■ WHAT YOU WILL DO ■
No line before the one containing "#148=DIRECTION('',(0.,0.,-1.));" should appear; that line and all lines after it, through the end of the data, are to be set down exactly.
::: ENTRIES SUPPLIED :::
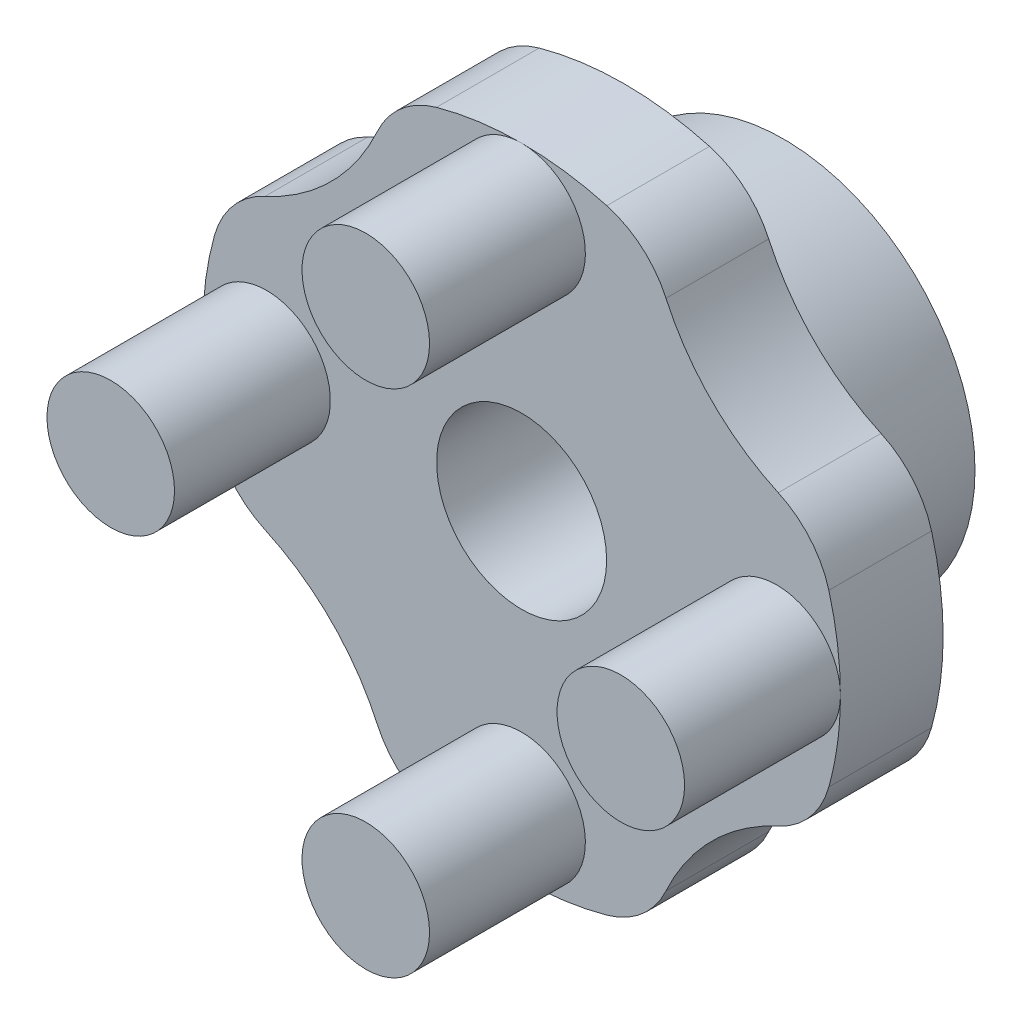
ISO-10303-21;
HEADER;
FILE_DESCRIPTION(('STEP AP214'),'2;1');
FILE_NAME('part.step','',(''),(''),'','','');
FILE_SCHEMA(('AUTOMOTIVE_DESIGN { 1 0 10303 214 1 1 1 1 }'));
ENDSEC;
DATA;
#1=APPLICATION_CONTEXT('core data for automotive mechanical design processes');
#2=APPLICATION_PROTOCOL_DEFINITION('international standard','automotive_design',2000,#1);
#3=PRODUCT_CONTEXT('',#1,'mechanical');
#4=PRODUCT('Part','Part','',(#3));
#5=PRODUCT_RELATED_PRODUCT_CATEGORY('part','',(#4));
#6=PRODUCT_DEFINITION_FORMATION('','',#4);
#7=PRODUCT_DEFINITION_CONTEXT('part definition',#1,'design');
#8=PRODUCT_DEFINITION('design','',#6,#7);
#9=PRODUCT_DEFINITION_SHAPE('','',#8);
#10=(LENGTH_UNIT() NAMED_UNIT(*) SI_UNIT(.MILLI.,.METRE.));
#11=(NAMED_UNIT(*) PLANE_ANGLE_UNIT() SI_UNIT($,.RADIAN.));
#12=(NAMED_UNIT(*) SI_UNIT($,.STERADIAN.) SOLID_ANGLE_UNIT());
#13=UNCERTAINTY_MEASURE_WITH_UNIT(LENGTH_MEASURE(1.E-05),#10,'distance_accuracy_value','');
#14=(GEOMETRIC_REPRESENTATION_CONTEXT(3) GLOBAL_UNCERTAINTY_ASSIGNED_CONTEXT((#13)) GLOBAL_UNIT_ASSIGNED_CONTEXT((#10,
#11,#12)) REPRESENTATION_CONTEXT('',''));
#15=CARTESIAN_POINT('',(0.,0.,0.));
#16=DIRECTION('',(0.,0.,1.));
#17=DIRECTION('',(1.,0.,0.));
#18=AXIS2_PLACEMENT_3D('',#15,#16,#17);
#19=CARTESIAN_POINT('',(0.,0.,90.));
#20=DIRECTION('',(0.,0.,1.));
#21=DIRECTION('',(1.,0.,0.));
#22=AXIS2_PLACEMENT_3D('',#19,#20,#21);
#23=CYLINDRICAL_SURFACE('',#22,45.);
#24=CARTESIAN_POINT('',(0.,0.,22.5));
#25=DIRECTION('',(0.,0.,1.));
#26=DIRECTION('',(1.,0.,0.));
#27=AXIS2_PLACEMENT_3D('',#24,#25,#26);
#28=CIRCLE('',#27,45.);
#29=CARTESIAN_POINT('',(-43.3644250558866,12.021923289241,22.5));
#30=VERTEX_POINT('',#29);
#31=CARTESIAN_POINT('',(-43.3644250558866,-12.0219232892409,22.5));
#32=VERTEX_POINT('',#31);
#33=EDGE_CURVE('E171',#30,#32,#28,.T.);
#34=ORIENTED_EDGE('',*,*,#33,.T.);
#35=DIRECTION('',(0.,0.,1.));
#36=VECTOR('',#35,1.);
#37=CARTESIAN_POINT('',(-43.3644250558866,-12.0219232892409,90.));
#38=LINE('',#37,#36);
#39=CARTESIAN_POINT('',(-43.3644250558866,-12.0219232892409,37.));
#40=VERTEX_POINT('',#39);
#41=EDGE_CURVE('E225',#32,#40,#38,.T.);
#42=ORIENTED_EDGE('',*,*,#41,.T.);
#43=CARTESIAN_POINT('',(0.,0.,37.));
#44=DIRECTION('',(0.,0.,1.));
#45=DIRECTION('',(1.,0.,0.));
#46=AXIS2_PLACEMENT_3D('',#43,#44,#45);
#47=CIRCLE('',#46,45.);
#48=CARTESIAN_POINT('',(-45.,0.,37.));
#49=VERTEX_POINT('',#48);
#50=EDGE_CURVE('E161',#49,#40,#47,.T.);
#51=ORIENTED_EDGE('',*,*,#50,.F.);
#52=CARTESIAN_POINT('',(-43.3644250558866,12.021923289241,37.));
#53=VERTEX_POINT('',#52);
#54=EDGE_CURVE('E157',#53,#49,#47,.T.);
#55=ORIENTED_EDGE('',*,*,#54,.F.);
#56=DIRECTION('',(0.,0.,1.));
#57=VECTOR('',#56,1.);
#58=CARTESIAN_POINT('',(-43.3644250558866,12.021923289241,90.));
#59=LINE('',#58,#57);
#60=EDGE_CURVE('E223',#53,#30,#59,.F.);
#61=ORIENTED_EDGE('',*,*,#60,.T.);
#62=EDGE_LOOP('',(#34,#42,#51,#55,#61));
#63=FACE_BOUND('',#62,.T.);
#64=ADVANCED_FACE('F14',(#63),#23,.T.);
#65=CARTESIAN_POINT('',(-45.,0.,37.));
#66=DIRECTION('',(0.,0.,-1.));
#67=DIRECTION('',(-1.,0.,0.));
#68=AXIS2_PLACEMENT_3D('',#65,#66,#67);
#69=PLANE('',#68);
#70=CARTESIAN_POINT('',(0.,0.,37.));
#71=DIRECTION('',(0.,0.,1.));
#72=DIRECTION('',(1.,0.,0.));
#73=AXIS2_PLACEMENT_3D('',#70,#71,#72);
#74=CIRCLE('',#73,12.);
#75=CARTESIAN_POINT('',(12.,0.,37.));
#76=VERTEX_POINT('',#75);
#77=EDGE_CURVE('E319',#76,#76,#74,.T.);
#78=ORIENTED_EDGE('',*,*,#77,.F.);
#79=EDGE_LOOP('',(#78));
#80=FACE_BOUND('',#79,.T.);
#81=CARTESIAN_POINT('',(0.,-45.,37.));
#82=VERTEX_POINT('',#81);
#83=CARTESIAN_POINT('',(12.021923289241,-43.3644250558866,37.));
#84=VERTEX_POINT('',#83);
#85=EDGE_CURVE('E147',#82,#84,#47,.T.);
#86=ORIENTED_EDGE('',*,*,#85,.T.);
#87=CARTESIAN_POINT('',(8.54892322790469,-30.836924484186,37.));
#88=DIRECTION('',(0.,0.,-1.));
#89=DIRECTION('',(-1.,0.,0.));
#90=AXIS2_PLACEMENT_3D('',#87,#88,#89);
#91=CIRCLE('',#90,13.);
#92=CARTESIAN_POINT('',(20.3785047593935,-36.2277500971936,37.));
#93=VERTEX_POINT('',#92);
#94=EDGE_CURVE('E246',#84,#93,#91,.F.);
#95=ORIENTED_EDGE('',*,*,#94,.T.);
#96=CARTESIAN_POINT('',(49.4974746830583,-49.4974746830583,37.));
#97=DIRECTION('',(0.,0.,1.));
#98=DIRECTION('',(1.,0.,0.));
#99=AXIS2_PLACEMENT_3D('',#96,#97,#98);
#100=CIRCLE('',#99,32.);
#101=CARTESIAN_POINT('',(36.2277500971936,-20.3785047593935,37.));
#102=VERTEX_POINT('',#101);
#103=EDGE_CURVE('E285',#102,#93,#100,.T.);
#104=ORIENTED_EDGE('',*,*,#103,.F.);
#105=CARTESIAN_POINT('',(30.836924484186,-8.54892322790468,37.));
#106=DIRECTION('',(0.,0.,-1.));
#107=DIRECTION('',(-1.,0.,0.));
#108=AXIS2_PLACEMENT_3D('',#105,#106,#107);
#109=CIRCLE('',#108,13.);
#110=CARTESIAN_POINT('',(43.3644250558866,-12.021923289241,37.));
#111=VERTEX_POINT('',#110);
#112=EDGE_CURVE('E146',#102,#111,#109,.F.);
#113=ORIENTED_EDGE('',*,*,#112,.T.);
#114=CARTESIAN_POINT('',(45.,0.,37.));
#115=VERTEX_POINT('',#114);
#116=EDGE_CURVE('E139',#111,#115,#47,.T.);
#117=ORIENTED_EDGE('',*,*,#116,.T.);
#118=CARTESIAN_POINT('',(36.,0.,37.));
#119=DIRECTION('',(0.,0.,1.));
#120=DIRECTION('',(1.,0.,0.));
#121=AXIS2_PLACEMENT_3D('',#118,#119,#120);
#122=CIRCLE('',#121,9.);
#123=EDGE_CURVE('E144',#115,#115,#122,.T.);
#124=ORIENTED_EDGE('',*,*,#123,.F.);
#125=CARTESIAN_POINT('',(43.3644250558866,12.021923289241,37.));
#126=VERTEX_POINT('',#125);
#127=EDGE_CURVE('E148',#115,#126,#47,.T.);
#128=ORIENTED_EDGE('',*,*,#127,.T.);
#129=CARTESIAN_POINT('',(30.836924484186,8.5489232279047,37.));
#130=DIRECTION('',(0.,0.,-1.));
#131=DIRECTION('',(-1.,0.,0.));
#132=AXIS2_PLACEMENT_3D('',#129,#130,#131);
#133=CIRCLE('',#132,13.);
#134=CARTESIAN_POINT('',(36.2277500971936,20.3785047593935,37.));
#135=VERTEX_POINT('',#134);
#136=EDGE_CURVE('E207',#126,#135,#133,.F.);
#137=ORIENTED_EDGE('',*,*,#136,.T.);
#138=CARTESIAN_POINT('',(49.4974746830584,49.4974746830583,37.));
#139=DIRECTION('',(0.,0.,-1.));
#140=DIRECTION('',(-1.,0.,0.));
#141=AXIS2_PLACEMENT_3D('',#138,#139,#140);
#142=CIRCLE('',#141,32.);
#143=CARTESIAN_POINT('',(20.3785047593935,36.2277500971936,37.));
#144=VERTEX_POINT('',#143);
#145=EDGE_CURVE('E290',#135,#144,#142,.T.);
#146=ORIENTED_EDGE('',*,*,#145,.T.);
#147=CARTESIAN_POINT('',(8.5489232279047,30.836924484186,37.));
#148=DIRECTION('',(0.,0.,-1.));
#149=DIRECTION('',(-1.,0.,0.));
#150=AXIS2_PLACEMENT_3D('',#147,#148,#149);
#151=CIRCLE('',#150,13.);
#152=CARTESIAN_POINT('',(12.021923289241,43.3644250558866,37.));
#153=VERTEX_POINT('',#152);
#154=EDGE_CURVE('E203',#144,#153,#151,.F.);
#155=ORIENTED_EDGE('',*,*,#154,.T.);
:::
■ ANSWER BOX ■
#148=DIRECTION('',(0.,0.,-1.));
#149=DIRECTION('',(-1.,0.,0.));
#150=AXIS2_PLACEMENT_3D('',#147,#148,#149);
#151=CIRCLE('',#150,13.);
#152=CARTESIAN_POINT('',(12.021923289241,43.3644250558866,37.));
#153=VERTEX_POINT('',#152);
#154=EDGE_CURVE('E203',#144,#153,#151,.F.);
#155=ORIENTED_EDGE('',*,*,#154,.T.);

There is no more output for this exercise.